What followed was North Korea racing to build more nuclear weapons and missiles to deliver these nuclear warheads. Since 2006, North Koea conducted six nuclear tests, the latest in 2017 of assessed thermonuclear weapons, with hundreds of ballistic missiles launched, to include intercontinental missiles (ICBMs) in 2023 capable of targeting the whole of the United States. Additionally, North Korea was testing hypersonic and cruise missiles and submarine-launched ballistic missiles. Doctrinally, North Korea declared a FIRST USE policy of preemptively using nuclear weapons to respond to an imminent attack or a perceived imminent attack on the leadership or command and control system.
Currently, North Korea has aligned itself with the Russian Federation, supporting Russia’s invasion of Ukraine and reportedly providing artillery shells and ballistic missiles to Russia for its war in Ukraine, in exchange for assistance with North Korea’s satellite program and the provision of sophisticated weaponry.
With this long preamble, my message to you is that we should NOT give up on North Korea. We know from the Agreed Framework in 1994, the Six-Party Talks Joint Statement of September 2005 and the 2018 Singapore Summit that North Korea wants a normal relationship with the United States, knowing that only in this way will North Korea free itself of its isolation and the punishing United Nations imposed sanctions, and thus be able to join the family of nations to secure the foreign direct investments needed to address the dire economic conditions in North Korea.

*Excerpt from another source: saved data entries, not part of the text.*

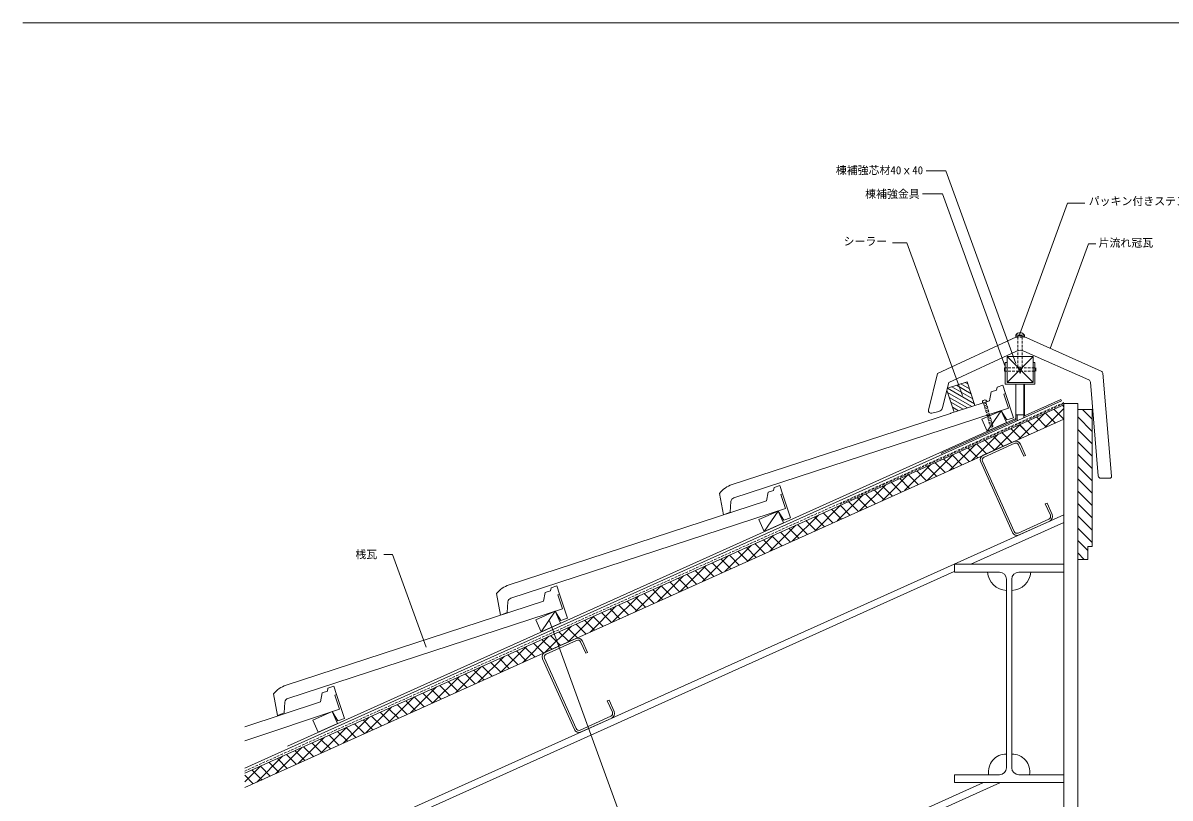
# Model space of a CAD drawing. Units: millimetres, scale not verified. Extents: x -198 to 202, y -140 to 130.
# Drawn here: x -197.6 to 65.1, y -47.6 to 130 of the extents above; entities that cross this region are included whole.
import ezdxf
from ezdxf.enums import TextEntityAlignment as Align

# ---------------------------------------------------------------- set-up
doc = ezdxf.new("R2010")
doc.units = ezdxf.units.MM
doc.header["$LTSCALE"] = 0.5
doc.linetypes.add('DASHED1', pattern=[1.8, 1.2, -0.6])
for name, color, linetype, lineweight in [('0-0', 5, 'Continuous', 18), ('0-1', 7, 'Continuous', 18), ('1-0', 7, 'Continuous', 18), ('1-1', 7, 'Continuous', 18), ('1-2', 3, 'Continuous', 18), ('1-3', 7, 'Continuous', 18), ('1-4', 7, 'Continuous', 18), ('1-5', 7, 'Continuous', 18), ('1-6', 3, 'Continuous', 18), ('1-7', 4, 'Continuous', 18)]:
    doc.layers.add(name, color=color, linetype=linetype, lineweight=lineweight)
doc.styles.add('ＭＳ ゴシック', font='')
doc.styles.get('ＭＳ ゴシック').set_extended_font_data('MS Gothic')

msp = doc.modelspace()

# ---------------------------------------------------------------- linework, layer by layer
at = {"layer": '0-0'}
msp.add_line((-197.5676, 130.0135), (202.4324, 130.0135), dxfattribs=at)
at = {"layer": '0-1'}
msp.add_line((-105.1986, -12.9824), (-112.9272, 8.2519), dxfattribs=at)
at = {"layer": '1-0'}
for p, q in [((14.1492, 46.3283), (18.6734, 47.8086)), ((17.2179, 47.3324), (19.2024, 46.1866)), ((18.2392, 47.6665), (18.8312, 47.3247)), ((18.6734, 47.8086), (20.4436, 42.381)), ((14.0402, 45.889), (15.6901, 40.8306)), ((14.1542, 46.33), (20.316, 42.7724)), ((14.2078, 45.3752), (19.7729, 42.1622)), ((15.1754, 46.6641), (19.9448, 43.9105)), ((16.1967, 46.9982), (19.5736, 45.0486)), ((14.579, 44.2372), (18.7505, 41.8288)), ((14.9502, 43.0991), (17.7281, 41.4953)), ((40.7862, 42.8086), (43.9862, 42.8086)), ((15.3214, 41.961), (16.7056, 41.1618)), ((35.3837, 41.2595), (35.3837, 41.2595)), ((35.3837, 41.2595), (35.3837, 41.2595)), ((43.9862, 41.4415), (47.2979, 41.4415)), ((-146.7854, -40.7166), (21.3837, 34.9595)), ((-125.4471, -29.8517), (-126.7737, -27.7636))]:
    msp.add_line(p, q, dxfattribs=at)
at = {"layer": '1-0', "linetype": 'DASHED1'}
for p, q in [((-146.7854, -41.3745), (40.7862, 43.0327)), ((40.7862, 42.8145), (-10.3355, 19.8098))]:
    msp.add_line(p, q, dxfattribs=at)
at = {"layer": '1-1'}
for p, q in [((23.2829, 36.4722), (26.4291, 41.1777)), ((-27.7846, 13.4917), (-24.6385, 18.1972)), ((-78.8522, -9.4887), (-75.7061, -4.7832))]:
    msp.add_line(p, q, dxfattribs=at)
for points in [[(23.2829, 36.4722), (22.0519, 39.2079), (26.4291, 41.1777), (27.6602, 38.4419)], [(-27.7846, 13.4917), (-29.0157, 16.2275), (-24.6385, 18.1972), (-23.4074, 15.4615)], [(-78.8522, -9.4887), (-80.0833, -6.7529), (-75.7061, -4.7832), (-74.475, -7.519)], [(-129.9198, -32.4691), (-131.1509, -29.7334), (-126.7737, -27.7636), (-125.5426, -30.4994)]]:
    msp.add_lwpolyline(points, close=True, dxfattribs=at)
at = {"layer": '1-2'}
for p, q in [((24.1801, 45.493), (23.7876, 43.4717)), ((24.1801, 45.493), (25.3936, 45.8888)), ((25.5152, 46.5596), (25.3936, 45.8888)), ((25.5152, 46.5596), (26.8462, 46.9937)), ((26.8462, 46.9937), (27.4664, 45.0923)), ((27.0861, 44.9682), (27.4664, 45.0923)), ((27.0861, 44.9682), (28.1403, 41.7358)), ((-34.7494, 21.2237), (28.1403, 41.7358)), ((-25.5524, 23.5791), (-24.2214, 24.0133)), ((-24.2214, 24.0133), (-23.6012, 22.1118)), ((-37.0988, 17.3019), (-38.0714, 22.2439)), ((-26.8875, 22.5126), (-27.28, 20.4912)), ((-26.8875, 22.5126), (-25.674, 22.9084)), ((-25.5524, 23.5791), (-25.674, 22.9084)), ((-23.9815, 21.9878), (-23.6012, 22.1118)), ((-23.9815, 21.9878), (-22.9273, 18.7554)), ((-86.2241, 1.2661), (-27.28, 20.4912)), ((-85.817, -1.7567), (-22.9273, 18.7554)), ((-35.4362, 20.3515), (-35.6256, 17.9452)), ((-37.0988, 17.3019), (-35.6256, 17.9452)), ((-76.62, 0.5987), (-76.7416, -0.0721)), ((-76.62, 0.5987), (-75.289, 1.0328)), ((-75.289, 1.0328), (-74.6688, -0.8686)), ((-137.2917, -21.7143), (-78.3476, -2.4892)), ((-88.1664, -5.6785), (-89.139, -0.7365)), ((-77.9551, -0.4679), (-78.3476, -2.4892)), ((-77.9551, -0.4679), (-76.7416, -0.0721)), ((-75.0491, -0.9926), (-74.6688, -0.8686)), ((-75.0491, -0.9926), (-73.9949, -4.2251)), ((-136.8846, -24.7371), (-73.9949, -4.2251)), ((-88.1664, -5.6785), (-86.6932, -5.0352)), ((-86.5038, -2.6289), (-86.6932, -5.0352)), ((-129.0474, -23.4613), (-129.4284, -25.4848)), ((-129.0474, -23.4613), (-127.8362, -23.0585)), ((-127.7185, -22.3871), (-127.8362, -23.0585)), ((-127.7185, -22.3871), (-126.39, -21.9453)), ((-126.39, -21.9453), (-125.7589, -23.8431)), ((-146.7854, -31.2565), (-129.4284, -25.4848)), ((-139.234, -28.6589), (-140.2066, -23.7169)), ((-137.5714, -25.6093), (-137.7608, -28.0157)), ((-126.1385, -23.9694), (-125.7589, -23.8431)), ((-126.1385, -23.9694), (-125.0657, -27.1956)), ((-146.7854, -34.418), (-125.0657, -27.1956)), ((-139.234, -28.6589), (-137.7608, -28.0157))]:
    msp.add_line(p, q, dxfattribs=at)
at = {"layer": '1-2', "color": 7}
for p, q in [((26.8462, 46.9937), (27.4664, 45.0923)), ((27.4664, 45.0923), (29.2648, 39.5781)), ((-24.2214, 24.0133), (-23.6012, 22.1118)), ((-23.6012, 22.1118), (-21.8028, 16.5977)), ((-75.289, 1.0328), (-74.6688, -0.8686)), ((-74.6688, -0.8686), (-72.8704, -6.3827)), ((-126.39, -21.9453), (-125.7589, -23.8431)), ((-125.7589, -23.8431), (-123.9288, -29.3468)), ((-125.4471, -29.8517), (-123.9288, -29.3468))]:
    msp.add_line(p, q, dxfattribs=at)
at = {"layer": '1-2'}
msp.add_lwpolyline([(-35.1565, 24.2465), (14.8776, 40.5656), (14.9404, 40.5861), (23.7876, 43.4717)], dxfattribs=at)
at = {"layer": '1-2', "color": 7}
for points in [[(26.4291, 41.1777), (27.7437, 39.082), (29.2648, 39.5781)], [(-24.6385, 18.1972), (-23.3239, 16.1016), (-21.8028, 16.5977)], [(-75.7061, -4.7832), (-74.3915, -6.8788), (-72.8704, -6.3827)]]:
    msp.add_lwpolyline(points, dxfattribs=at)
at = {"layer": '1-2'}
for centre, radius, start, end in [((-33.361, 18.5103), 6.0106, 107.38016, 141.5983), ((-34.4393, 20.273), 1, 108.06419, 175.49896), ((-84.4286, -4.4701), 6.0106, 107.38016, 141.5983), ((-85.5069, -2.7074), 1, 108.06419, 175.49896), ((-135.4962, -27.4505), 6.0106, 107.38016, 141.5983), ((-136.5745, -25.6878), 1, 108.06419, 175.49896)]:
    msp.add_arc(centre, radius, start, end, dxfattribs=at)
at = {"layer": '1-3'}
msp.add_line((21.3837, 34.9595), (40.2507, 43.4497), dxfattribs=at)
msp.add_lwpolyline([(-76.984, -6.9638), (-60.178, -53.1379), (-48.4975, -85.23)], dxfattribs=at)
at = {"layer": '1-4'}
for p, q in [((13.0042, 90.8463), (8.4645, 90.8463)), ((27.3988, 51.2973), (13.0042, 90.8463)), ((-112.9272, 8.2519), (-114.9321, 8.2519))]:
    msp.add_line(p, q, dxfattribs=at)
for points in [[(29.8522, 52.0195), (13.796, 96.1335), (9.2871, 96.1335)], [(30.6646, 58.535), (41.6579, 88.7388), (45.6579, 88.7388)], [(17.5954, 44.6983), (4.882, 79.6282), (1.5546, 79.6282)]]:
    msp.add_lwpolyline(points, dxfattribs=at)
at = {"layer": '1-5'}
for p, q in [((37.7146, 55.443), (46.4402, 79.4163)), ((46.4402, 79.4163), (48.1331, 79.4163)), ((29.7988, 58.5063), (31.7988, 58.5063)), ((29.7988, 58.0581), (29.7988, 58.5063)), ((30.672, 59.0393), (30.9385, 59.0393)), ((31.7988, 58.0581), (31.7988, 58.5063)), ((27.7988, 53.6284), (33.7988, 47.6284)), ((33.7988, 53.6284), (27.7988, 47.6284)), ((27.1988, 51.0284), (27.1988, 50.2284)), ((27.3988, 52.2126), (27.8175, 52.2126)), ((27.3988, 47.2209), (27.3988, 52.2126)), ((27.3988, 51.0284), (27.3988, 50.2284)), ((34.3988, 51.0284), (34.3988, 50.2284)), ((34.1988, 47.2284), (27.3988, 47.2284)), ((29.8166, 47.2284), (29.8166, 39.0757)), ((31.6166, 47.2284), (31.6166, 39.5567)), ((31.8166, 47.2284), (31.8166, 39.9757)), ((22.4947, 43.0019), (22.4974, 42.9926)), ((31.8166, 39.9757), (40.1305, 43.7169)), ((31.6166, 40.2146), (29.8166, 40.2146)), ((30.1166, 40.2146), (30.1166, 38.8817)), ((12.8166, 31.4257), (29.8166, 39.0757)), ((12.8166, 31.4257), (12.9397, 31.1521))]:
    msp.add_line(p, q, dxfattribs=at)
at = {"layer": '1-5', "linetype": 'DASHED1'}
for p, q in [((29.7988, 58.0581), (31.7988, 58.0581)), ((30.2988, 58.091), (30.2988, 51.1368)), ((31.2988, 58.091), (31.2988, 51.1284)), ((27.1988, 51.0284), (34.3988, 51.0284)), ((27.1988, 50.2284), (34.3988, 50.2284)), ((30.2988, 51.1368), (31.3072, 51.1368)), ((22.398, 42.9786), (24.0036, 37.4536)), ((22.4818, 42.6903), (23.0514, 42.8802)), ((22.6083, 42.3108), (23.1631, 42.4958)), ((22.7348, 41.9313), (23.2748, 42.1113)), ((22.9687, 43.1647), (24.5797, 37.621)), ((22.8169, 41.5371), (23.4309, 41.7417)), ((22.9286, 41.1527), (23.4982, 41.3426)), ((23.0403, 40.7683), (23.6099, 40.9581)), ((23.152, 40.3839), (23.7217, 40.5737)), ((23.2637, 39.9995), (23.8334, 40.1893)), ((23.3754, 39.6151), (23.9451, 39.8049)), ((23.4871, 39.2307), (24.0568, 39.4205)), ((23.5989, 38.8463), (24.1685, 39.0361)), ((23.7106, 38.4619), (24.2802, 38.6517)), ((23.8223, 38.0775), (24.3919, 38.2673)), ((23.934, 37.6931), (24.5036, 37.8829))]:
    msp.add_line(p, q, dxfattribs=at)
at = {"layer": '1-5'}
msp.add_lwpolyline([(27.7988, 47.6284), (27.7988, 53.6284), (33.7988, 53.6284), (33.7988, 47.6284)], close=True, dxfattribs=at)
at = {"layer": '1-5', "linetype": 'DASHED1'}
msp.add_lwpolyline([(30.2905, 51.1368), (30.7988, 49.7284), (31.2988, 51.1284)], dxfattribs=at)
at = {"layer": '1-5'}
for points in [[(33.7988, 52.2126), (34.1988, 52.2126), (34.1988, 47.2209)], [(24.0036, 37.4536), (24.3129, 37.4013), (24.5797, 37.621)]]:
    msp.add_lwpolyline(points, dxfattribs=at)
for centre, radius, start, end in [((30.7988, 57.853), 1.1945, 33.15562, 146.84438), ((22.7136, 43.0652), 0.5657, 23.47547, 192.65291)]:
    msp.add_arc(centre, radius, start, end, dxfattribs=at)
at = {"layer": '1-6'}
for p, q in [((29.9739, 58.1326), (11.8988, 49.7167)), ((49.3746, 50.2608), (31.6304, 58.1471)), ((30.0028, 54.8368), (14.4653, 47.6024)), ((46.5352, 48.2398), (31.6593, 54.8513)), ((9.8109, 41.3003), (11.8988, 49.7167)), ((13.0459, 41.881), (14.4653, 47.6024)), ((46.8893, 47.7422), (48.7096, 26.266)), ((49.7288, 49.7631), (51.7301, 26.1504)), ((10.5466, 40.5757), (12.188, 41.0098)), ((51.3316, 25.7167), (49.3074, 25.7167))]:
    msp.add_line(p, q, dxfattribs=at)
for centre, radius, start, end in [((30.8181, 56.3195), 2, 66.03751, 114.96709), ((30.847, 53.0237), 2, 66.03751, 114.96709), ((49.1309, 49.7125), 0.6, 4.84462, 66.03751), ((46.2915, 47.6915), 0.6, 4.84462, 66.03751), ((10.3933, 41.1558), 0.6, 166.06742, 284.81195), ((11.8812, 42.1699), 1.2, 284.81195, 346.06742), ((49.3074, 26.3167), 0.6, 184.84462, 270), ((51.3316, 26.1167), 0.4, 270, 4.84462)]:
    msp.add_arc(centre, radius, start, end, dxfattribs=at)
at = {"layer": '1-7', "color": 7}
for p, q in [((-146.7854, -41.8556), (40.7862, 42.5517)), ((40.1305, 43.7169), (40.2507, 43.4497)), ((40.7862, 5.9868), (40.7862, 42.8086)), ((43.9862, 5.9868), (43.9862, 42.8086)), ((43.9862, 39.7369), (47.2979, 36.4251)), ((45.11, 41.4415), (47.2979, 39.2535)), ((47.2979, 41.4415), (47.2979, 10.0879)), ((-146.7854, -45.1453), (40.7862, 39.2619)), ((-136.9447, -35.6727), (29.8166, 39.3699)), ((43.9862, 36.9084), (47.2979, 33.5966)), ((43.9862, 34.08), (47.2979, 30.7682)), ((43.9862, 31.2516), (47.2979, 27.9398)), ((43.9862, 28.4232), (47.2979, 25.1114)), ((43.9862, 25.5947), (47.2979, 22.2829)), ((43.9862, 22.7663), (47.2979, 19.4545)), ((43.9862, 19.9379), (47.2979, 16.6261)), ((-146.7854, -67.077), (40.7862, 17.3302)), ((43.9862, 17.1094), (47.2979, 13.7977)), ((19.4775, 5.9868), (40.7862, 15.5756)), ((43.9862, 14.281), (47.2979, 10.9692)), ((43.9862, 11.4526), (46.3018, 9.1369)), ((43.9862, 8.6242), (45.4928, 7.1175)), ((15.7862, 5.9868), (40.7862, 5.9868)), ((15.7862, 5.9868), (15.7862, 4.1868)), ((43.9862, 5.9868), (43.9862, -91.2242)), ((-146.7854, -68.8316), (15.7342, 4.3023)), ((15.7862, 4.1868), (26.0862, 4.1868)), ((30.4862, 4.1868), (40.7862, 4.1868)), ((27.6862, 2.5868), (27.6862, -40.6132)), ((28.8862, 2.5868), (28.8862, -40.6132)), ((28.8862, 2.5868), (28.8862, -40.6132)), ((-146.7854, -120.1518), (22.4114, -44.0132)), ((-146.7854, -121.9063), (26.3103, -44.0132)), ((15.7862, -42.2132), (26.0862, -42.2132)), ((15.7862, -44.0132), (15.7862, -42.2132)), ((15.7862, -44.0132), (40.7862, -44.0132)), ((30.4862, -42.2132), (40.7862, -42.2132)), ((40.7862, -44.0132), (40.7862, -42.2132))]:
    msp.add_line(p, q, dxfattribs=at)
at = {"layer": '1-7'}
for p, q in [((40.4702, 42.4095), (40.7862, 42.0935)), ((40.4702, 42.4095), (40.7862, 42.0935)), ((30.5013, 34.6337), (36.4827, 40.6151)), ((34.5298, 39.7363), (36.7986, 37.4675)), ((34.5298, 39.7363), (36.7986, 37.4675)), ((36.4417, 37.3069), (40.7862, 41.6513)), ((36.5689, 40.6539), (38.9182, 38.3047)), ((36.5689, 40.6539), (38.8377, 38.3851)), ((38.5196, 41.5317), (40.7884, 39.2629)), ((38.5196, 41.5317), (40.7884, 39.2629)), ((24.9043, 32.1151), (30.8857, 38.0964)), ((28.6779, 37.1029), (30.9467, 34.8341)), ((30.6285, 37.9807), (32.8973, 35.7119)), ((30.6583, 37.9509), (32.8973, 35.7119)), ((32.5792, 38.8585), (34.848, 36.5897)), ((32.5792, 38.8585), (34.848, 36.5897)), ((19.7617, 29.8009), (25.7431, 35.7823)), ((22.7262, 34.4247), (24.995, 32.1559)), ((24.6769, 35.3025), (26.9457, 33.0337)), ((26.6275, 36.1803), (28.8963, 33.9115)), ((14.6191, 27.4867), (20.6005, 33.4681)), ((16.8743, 31.7913), (19.1431, 29.5225)), ((18.8249, 32.6691), (21.0937, 30.4003)), ((20.8048, 33.56), (23.0736, 31.2912)), ((9.4765, 25.1726), (15.4579, 31.1539)), ((11.3499, 29.2565), (13.6187, 26.9877)), ((13.2669, 30.168), (15.5357, 27.8992)), ((15.2175, 31.0458), (17.4863, 28.777)), ((-0.8087, 20.5442), (5.1727, 26.5256)), ((4.3339, 22.8584), (10.3153, 28.8398)), ((5.1705, 26.5246), (7.4393, 24.2558)), ((7.1211, 27.4024), (9.3899, 25.1336)), ((9.3993, 28.3787), (11.6344, 26.1436)), ((-5.9513, 18.2301), (0.0301, 24.2114)), ((-0.6815, 23.8912), (1.5873, 21.6224)), ((1.2692, 24.769), (3.538, 22.5002)), ((3.2198, 25.6468), (5.4886, 23.378)), ((-11.0939, 15.9159), (-5.1125, 21.8973)), ((-6.5334, 21.2579), (-4.2646, 18.9891)), ((-4.5827, 22.1357), (-2.3139, 19.8669)), ((-2.6321, 23.0134), (-0.3633, 20.7446)), ((-16.2365, 13.6017), (-10.2551, 19.5831)), ((-12.3853, 18.6245), (-10.1165, 16.3557)), ((-10.4347, 19.5023), (-8.1659, 17.2335)), ((-8.484, 20.3801), (-6.2152, 18.1113)), ((-21.3791, 11.2876), (-15.3977, 17.2689)), ((-18.2372, 15.9911), (-15.9684, 13.7223)), ((-16.2866, 16.8689), (-14.0178, 14.6001)), ((-14.3359, 17.7467), (-12.0671, 15.4779)), ((-26.5216, 8.9734), (-20.5403, 14.9548)), ((-24.0891, 13.3578), (-21.8203, 11.089)), ((-22.1385, 14.2356), (-19.8697, 11.9668)), ((-20.1878, 15.1134), (-17.919, 12.8446)), ((-31.6642, 6.6592), (-25.6829, 12.6406)), ((-29.941, 10.7244), (-27.6722, 8.4556)), ((-27.9904, 11.6022), (-25.7216, 9.3334)), ((-26.0398, 12.48), (-23.771, 10.2112)), ((-41.9494, 2.0309), (-35.9681, 8.0123)), ((-36.8068, 4.345), (-30.8255, 10.3264)), ((-35.793, 8.091), (-33.5242, 5.8223)), ((-33.8423, 8.9688), (-31.5735, 6.7)), ((-31.8917, 9.8466), (-29.6229, 7.5778)), ((-47.092, -0.2833), (-41.1107, 5.6981)), ((-41.6449, 5.4577), (-39.3761, 3.1889)), ((-39.6942, 6.3355), (-37.4254, 4.0667)), ((-37.7436, 7.2133), (-35.4748, 4.9445)), ((-52.2346, -2.5975), (-46.2532, 3.3839)), ((-47.4968, 2.8243), (-45.228, 0.5555)), ((-45.5462, 3.7021), (-43.2774, 1.4333)), ((-43.5955, 4.5799), (-41.3267, 2.3111)), ((-57.3772, -4.9116), (-51.3958, 1.0697)), ((-53.3487, 0.191), (-51.0799, -2.0778)), ((-51.3981, 1.0687), (-49.1293, -1.2001)), ((-49.4474, 1.9465), (-47.1786, -0.3223)), ((-62.5198, -7.2258), (-56.5384, -1.2444)), ((-59.2006, -2.4424), (-56.9318, -4.7112)), ((-57.25, -1.5646), (-54.9812, -3.8334)), ((-55.2994, -0.6868), (-53.0306, -2.9556)), ((-67.6624, -9.54), (-61.681, -3.5586)), ((-65.0525, -5.0758), (-62.7838, -7.3446)), ((-63.1019, -4.198), (-60.8331, -6.4668)), ((-61.1513, -3.3202), (-58.8825, -5.589)), ((-72.805, -11.8541), (-66.8236, -5.8728)), ((-70.9045, -7.7091), (-68.6357, -9.9779)), ((-68.9538, -6.8313), (-66.685, -9.1001)), ((-67.0032, -5.9536), (-64.7344, -8.2224)), ((-83.0902, -16.4825), (-77.1088, -10.5011)), ((-77.9476, -14.1683), (-71.9662, -8.1869)), ((-76.7564, -10.3425), (-74.4876, -12.6113)), ((-74.8057, -9.4647), (-72.537, -11.7335)), ((-72.8551, -8.5869), (-70.5863, -10.8557)), ((-88.2328, -18.7966), (-82.2514, -12.8153)), ((-82.6083, -12.9759), (-80.3395, -15.2447)), ((-80.6577, -12.0981), (-78.3889, -14.3669)), ((-78.707, -11.2203), (-76.4382, -13.4891)), ((-93.3754, -21.1108), (-87.394, -15.1294)), ((-88.4602, -15.6092), (-86.1914, -17.878)), ((-86.5096, -14.7314), (-84.2408, -17.0002)), ((-84.5589, -13.8536), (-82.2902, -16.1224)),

And this is where China needs to help—to convince North Korea to return to negotiations. This is where all of us, and all of you, as Ambassadors for Peace, need to help—to convince the leadership in all our countries that we should not give up on North Korea, that collectively we can and will get traction with Pyongyang. But courage and flexibility are needed, with the goal of eventual complete and verifiable denuclearization of the Korean Peninsula and the easing and eventual lifting of sanctions on North Korea.
I have heard, for close to 20 years, from senior officials in North Korea that their one goal is a normal relationship with the U.S. Indeed, we were almost there in 2000 when then Secretary of State Albright visited Pyongyang and President Clinton almost visited North Korea.
Giving up on North Korea now would be the biggest geopolitical mistake in the 21st century.
Indeed, Mother Moon shares this view and she continues to encourage all of us to work for the peaceful resolution of issues with North Korea.
North Korea is just one example of the many issues that all of you—all of us—must work diligently on to ensure that we start to move the world in a different direction, a direction toward more diplomacy, more negotiations for peace, more cooperation on pandemics, climate change, narcotics trafficking, international organized crime, nuclear proliferations, food insecurity… the list goes on and on.
Stop the wars in Ukraine and Gaza and the myriad of other conflicts throughout the world and move the world in another direction. That is what leadership is all about—bringing the world together for the betterment of all people.
You will join the ranks of the Ambassadors for Peace. Much will depend on all of you to move us in this direction, for the common good, leaving a better world for future generations.
Congratulations to all of you.
Joseph R. DeTrani, Commencement address on May 25, 2024
The author is the former Special Envoy for Six Party Talks with North Korea. The views are the author’s and not any government agency or department.